John Roberts’ career can be divided into two phases. The first was his time as an academic at Victoria, teaching as Professor of Public Administration in the Political Science department. The second was during his monthly radio show, the Roberts Report, broadcast on Concert FM from 1990 to 1995.
In the former, his insights into public policy and the workings of the civil service influenced a generation of Victoria graduates who entered central and local government. But it was in his second role, that of the public broadcaster, that he made his greatest cultural mark.
Inspired by the style and tone of British journalist Alistair Cooke, the Roberts Report presented its listeners with monthly insights into a truly eclectic array of topics. These included everything from retrospective appraisals of the Muldoon and Lange governments, to an impassioned plea for the continued appreciation of Mozart.
In these programmes, Roberts revealed his love and appreciation for the visual arts and their role in a modern society. He argued that "diverse, intense creation and contemplation of art is a reasonable indication of a civilised society in action" (Roberts 1991).
Animated by the example of the Uffizi Gallery, Roberts dedicated an episode to suggesting that the cities of New Zealand could foster the kind of artistic relationships with Australian centres as Florence had with the Netherlands during the Renaissance.
He suggested that this kind of cultural cross-pollination would lead in turn to greater economic and political ties.
Roberts’ ideas came from a place outside the scope of his professional expertise, but well within his wider interests.
His varied passions played off each other and influenced the ways in which he saw the world. Many of Roberts’ ideas and passions can be attributed to his relationship with his wife, Kay.
As director of The Brooker Gallery in Kelburn, Kay Roberts was an important figure in Wellington’s cultural community.
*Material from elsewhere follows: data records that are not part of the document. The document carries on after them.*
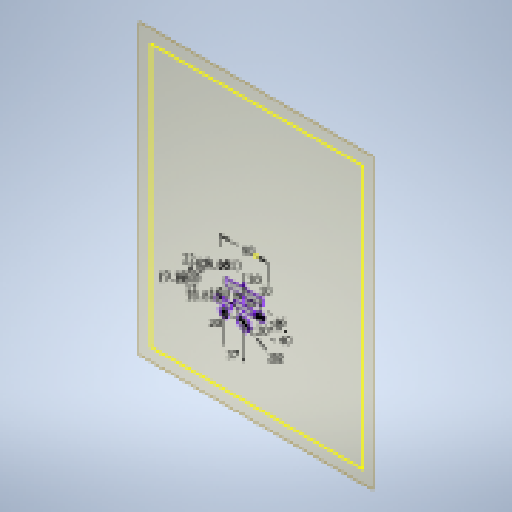
# Autodesk Inventor part: mode-control-layout
Saved by Autodesk Inventor 2023 (Build 270158030, 158C)
## iProperties
Created: 2024-04-02
Part Number: mode-control-layout
Material: Generic
Document SubType Name: Modeling
Designer: Imogen Heard
Density: 1 g/cm^3
Appearance: Default
Author: Imogen Heard
Autodesk Inventor part; units mm, degrees
ref_plane "YZ Plane" through (0, 0, 0) normal (1, 0, 0) x (0, 1, 0)
ref_plane "XZ Plane" through (0, 0, 0) normal (0, 1, 0) x (-1, 0, 0)
ref_plane "XY Plane" through (0, 0, 0) normal (0, 0, 1) x (1, 0, 0)
ref_plane "Work Plane1" through (0, 0, 0) normal (0, 0, 1) x (1, 0, 0)
sketch "Sketch1" plane through (0, 0, 0) normal (0, 0, 1) x (1, 0, 0)
  line L0 (-68.1954, -80.0527) -> (21.8046, -80.0527) construction
  line L1 (21.8046, -80.0527) -> (21.8046, -58.0527) construction
  line L2 (21.8046, -58.0527) -> (-68.1954, -58.0527) construction
  line L3 (-68.1954, -58.0527) -> (-68.1954, -80.0527) construction
  circle A0 centre (-23.1954, -120.0527) radius 11
  line L4 (-40.6954, -100.0527) -> (-5.6954, -100.0527) construction
  line L5 (-5.6954, -100.0527) -> (-5.6954, -90.0527) construction
  line L6 (-5.6954, -90.0527) -> (-40.6954, -90.0527) construction
  line L7 (-40.6954, -90.0527) -> (-40.6954, -100.0527) construction
  line L8 (-75.1954, -99.2393) -> (-75.1954, -109.2393) construction
  line L9 (-75.1954, -109.2393) -> (-45.1954, -109.2393) construction
  line L10 (-45.1954, -109.2393) -> (-45.1954, -99.2393) construction
  line L11 (-45.1954, -99.2393) -> (-75.1954, -99.2393) construction
  circle A1 centre (-23.1954, -120.0527) radius 14.5 construction
  circle A2 centre (6.8046, -95.0527) radius 8
  circle A3 centre (-60.1954, -121.2393) radius 8
  circle A4 centre (6.8046, -95.0527) radius 10 construction
  circle A5 centre (-60.1954, -121.2393) radius 10 construction
  line L12 (-198, -244.5) -> (198, -244.5) projected
  line L13 (198, -244.5) -> (198, 244.5) projected
  line L14 (198, 244.5) -> (-198, 244.5) projected
  line L15 (-198, 244.5) -> (-198, -244.5) projected
  line L16 (-75.1954, -99.2393) -> (-45.1954, -99.2393)
  line L17 (-45.1954, -99.2393) -> (-45.1954, -109.2393)
  line L18 (-45.1954, -109.2393) -> (-75.1954, -109.2393)
  line L19 (-75.1954, -109.2393) -> (-75.1954, -99.2393)
  line L20 (-40.6954, -90.0527) -> (-5.6954, -90.0527)
  line L21 (-5.6954, -90.0527) -> (-5.6954, -100.0527)
  line L22 (-5.6954, -100.0527) -> (-40.6954, -100.0527)
  line L23 (-40.6954, -100.0527) -> (-40.6954, -90.0527)
  line L24 (-58.1954, -62.8527) -> (11.8046, -62.8527)
  line L25 (11.8046, -62.8527) -> (11.8046, -75.7527)
  line L26 (11.8046, -75.7527) -> (-58.1954, -75.7527)
  line L27 (-58.1954, -75.7527) -> (-58.1954, -62.8527)
  point P0 (0, 0)
  point P1 (-23.1954, -80.0527)
  point P2 (-23.1954, -100.0527)
  point P3 (-60.1954, -99.2393)
  point P4 (-60.1954, -109.2393)
  point P5 (-5.6954, -95.0527)
  point P6 (-23.1954, -90.0527)
  point P7 (-23.1954, -58.0527)
  dimension "d0" = 22
  dimension "d1" = 22
  dimension "d2" = 90
  dimension "d7" = 29
  dimension "d8" = 16
  dimension "d9" = 16
  dimension "d10" = 20
  dimension "d11" = 20
  dimension "d12" = 30
  dimension "d14" = 40
  dimension "d17" = 37
  dimension "d18" = 20
  dimension "d19" = 10
  dimension "d20" = 10
  dimension "d21" = 30
  dimension "d22" = 35
  dimension "d26" = 39.0513
  dimension "d28" = 4.3
  dimension "d29" = 4.8
  dimension "d30" = 10
  dimension "d31" = 10
  dimension "d124" = 10.8134
  dimension "d125" = 9.1866
  dimension "d126" = 12
  constraints: 24 end point, 7 midpoint, 6 centre point, 6 parallel, 6 vertical alignment, 4 coincident, 3 horizontal, 3 perpendicular, 1 horizontal alignment, 6 other
  measures "d0" diameter of A0
  measures "d1" distance between parallel lines of L0 L2
  measures "d2" distance between parallel lines of L1 L3
  measures "d7" diameter of A1
  measures "d8" diameter of A2
  measures "d9" diameter of A3
  measures "d10" diameter of A4
  measures "d11" diameter of A5
  measures "d12" horizontal distance of A2.centre point (-23.195, -100.053)
  measures "d14" distance from line of A0.centre L0
  measures "d17" horizontal distance of A3.centre A0.centre
  measures "d18" distance from line of A0.centre L4
  measures "d19" distance between parallel lines of L4 L6
  measures "d20" distance between parallel lines of L9 L11
  measures "d21" distance between parallel lines of L10 L8
  measures "d22" distance between parallel lines of L5 L7
  measures "d26" distance of A0.centre A4.centre
  measures "d28" distance between parallel lines of L0 L26
  measures "d29" distance between parallel lines of L2 L24
  measures "d30" distance between parallel lines of L1 L25
  measures "d31" distance between parallel lines of L3 L27
  measures "d124" distance from line of L9 A0.centre
  measures "d125" distance between parallel lines of L4 L9
  measures "d126" distance from line of L18 A3.centre
extrude "Extrusion1" add sketch "Sketch1" along normal blind 1 contours A0 | A2 | A3 | L16 L17 L18 L19 | L20 L21 L22 L23 | L24 L25 L26 L27
sketch "Sketch5" plane through (0, 0, 1) normal (0, 0, 1) x (1, 0, 0)
  line L0 (-55.571, -65.5595) -> (9.6532, -65.5595) construction
  line L1 (9.6532, -65.5595) -> (9.6532, -73.7983) construction
  line L2 (9.6532, -73.7983) -> (-55.571, -73.7983) construction
  line L3 (-55.571, -73.7983) -> (-55.571, -65.5595) construction
  point P0 (0, 0)
  constraints: 1 horizontal, 2 other
decal "Decal1"
sketch "Sketch6" plane through (0, 0, 1) normal (0, 0, 1) x (1, 0, 0)
  line L0 (-73.1954, -100.8393) -> (-47.3362, -100.8393) construction
  line L1 (-47.3362, -100.8393) -> (-47.3362, -107.6393) construction
  line L2 (-47.3362, -107.6393) -> (-73.1954, -107.6393) construction
  line L3 (-73.1954, -107.6393) -> (-73.1954, -100.8393) construction
  line L4 (-75.1954, -109.2393) -> (-45.1954, -109.2393) projected
  line L5 (-45.1954, -99.2393) -> (-75.1954, -99.2393) projected
  line L6 (-75.1954, -99.2393) -> (-75.1954, -109.2393) projected
  point P0 (0, 0)
  point P1 (-75.1954, -104.2393)
  dimension "d130" = 1.6
  dimension "d131" = 1.6
  dimension "d132" = 2
  constraints: 1 horizontal, 1 midpoint, 2 other
  measures "d130" distance between parallel lines of L4 L2
  measures "d131" distance between parallel lines of L5 L0
  measures "d132" distance from line of point (-75.195, -104.239) L3
decal "Decal2"
sketch "Sketch7" plane through (0, 0, 1) normal (0, 0, 1) x (1, 0, 0)
  line L0 (-38.5335, -91.962) -> (-7.4329, -91.962) construction
  line L1 (-7.4329, -91.962) -> (-7.4329, -98.548) construction
  line L2 (-7.4329, -98.548) -> (-38.5335, -98.548) construction
  line L3 (-38.5335, -98.548) -> (-38.5335, -91.962) construction
  point P0 (0, 0)
  constraints: 2 other
decal "Decal3"

Her artistic knowledge and connections were integral to her husband’s continuing education in, and love for, the arts, without which, he would not have been able to be the ‘Renaissance man’ that he is remembered for.
John Roberts, with his well-rounded interests and capacity to understand the value of art, represents the kind of mind Victoria seeks to cultivate.
When people enquire into why the University has an expansive art collection or an established gallery despite having no Fine Arts department, the answer is people like John Roberts. His work, especially his musings on and aspirations for New Zealand demonstrated these values.
Through the Roberts Report, he showed the kind of open-mindedness, empathy, knowledge, and ability to take a wider view of the world that comes with an appreciation of the visual arts as a pillar of any education.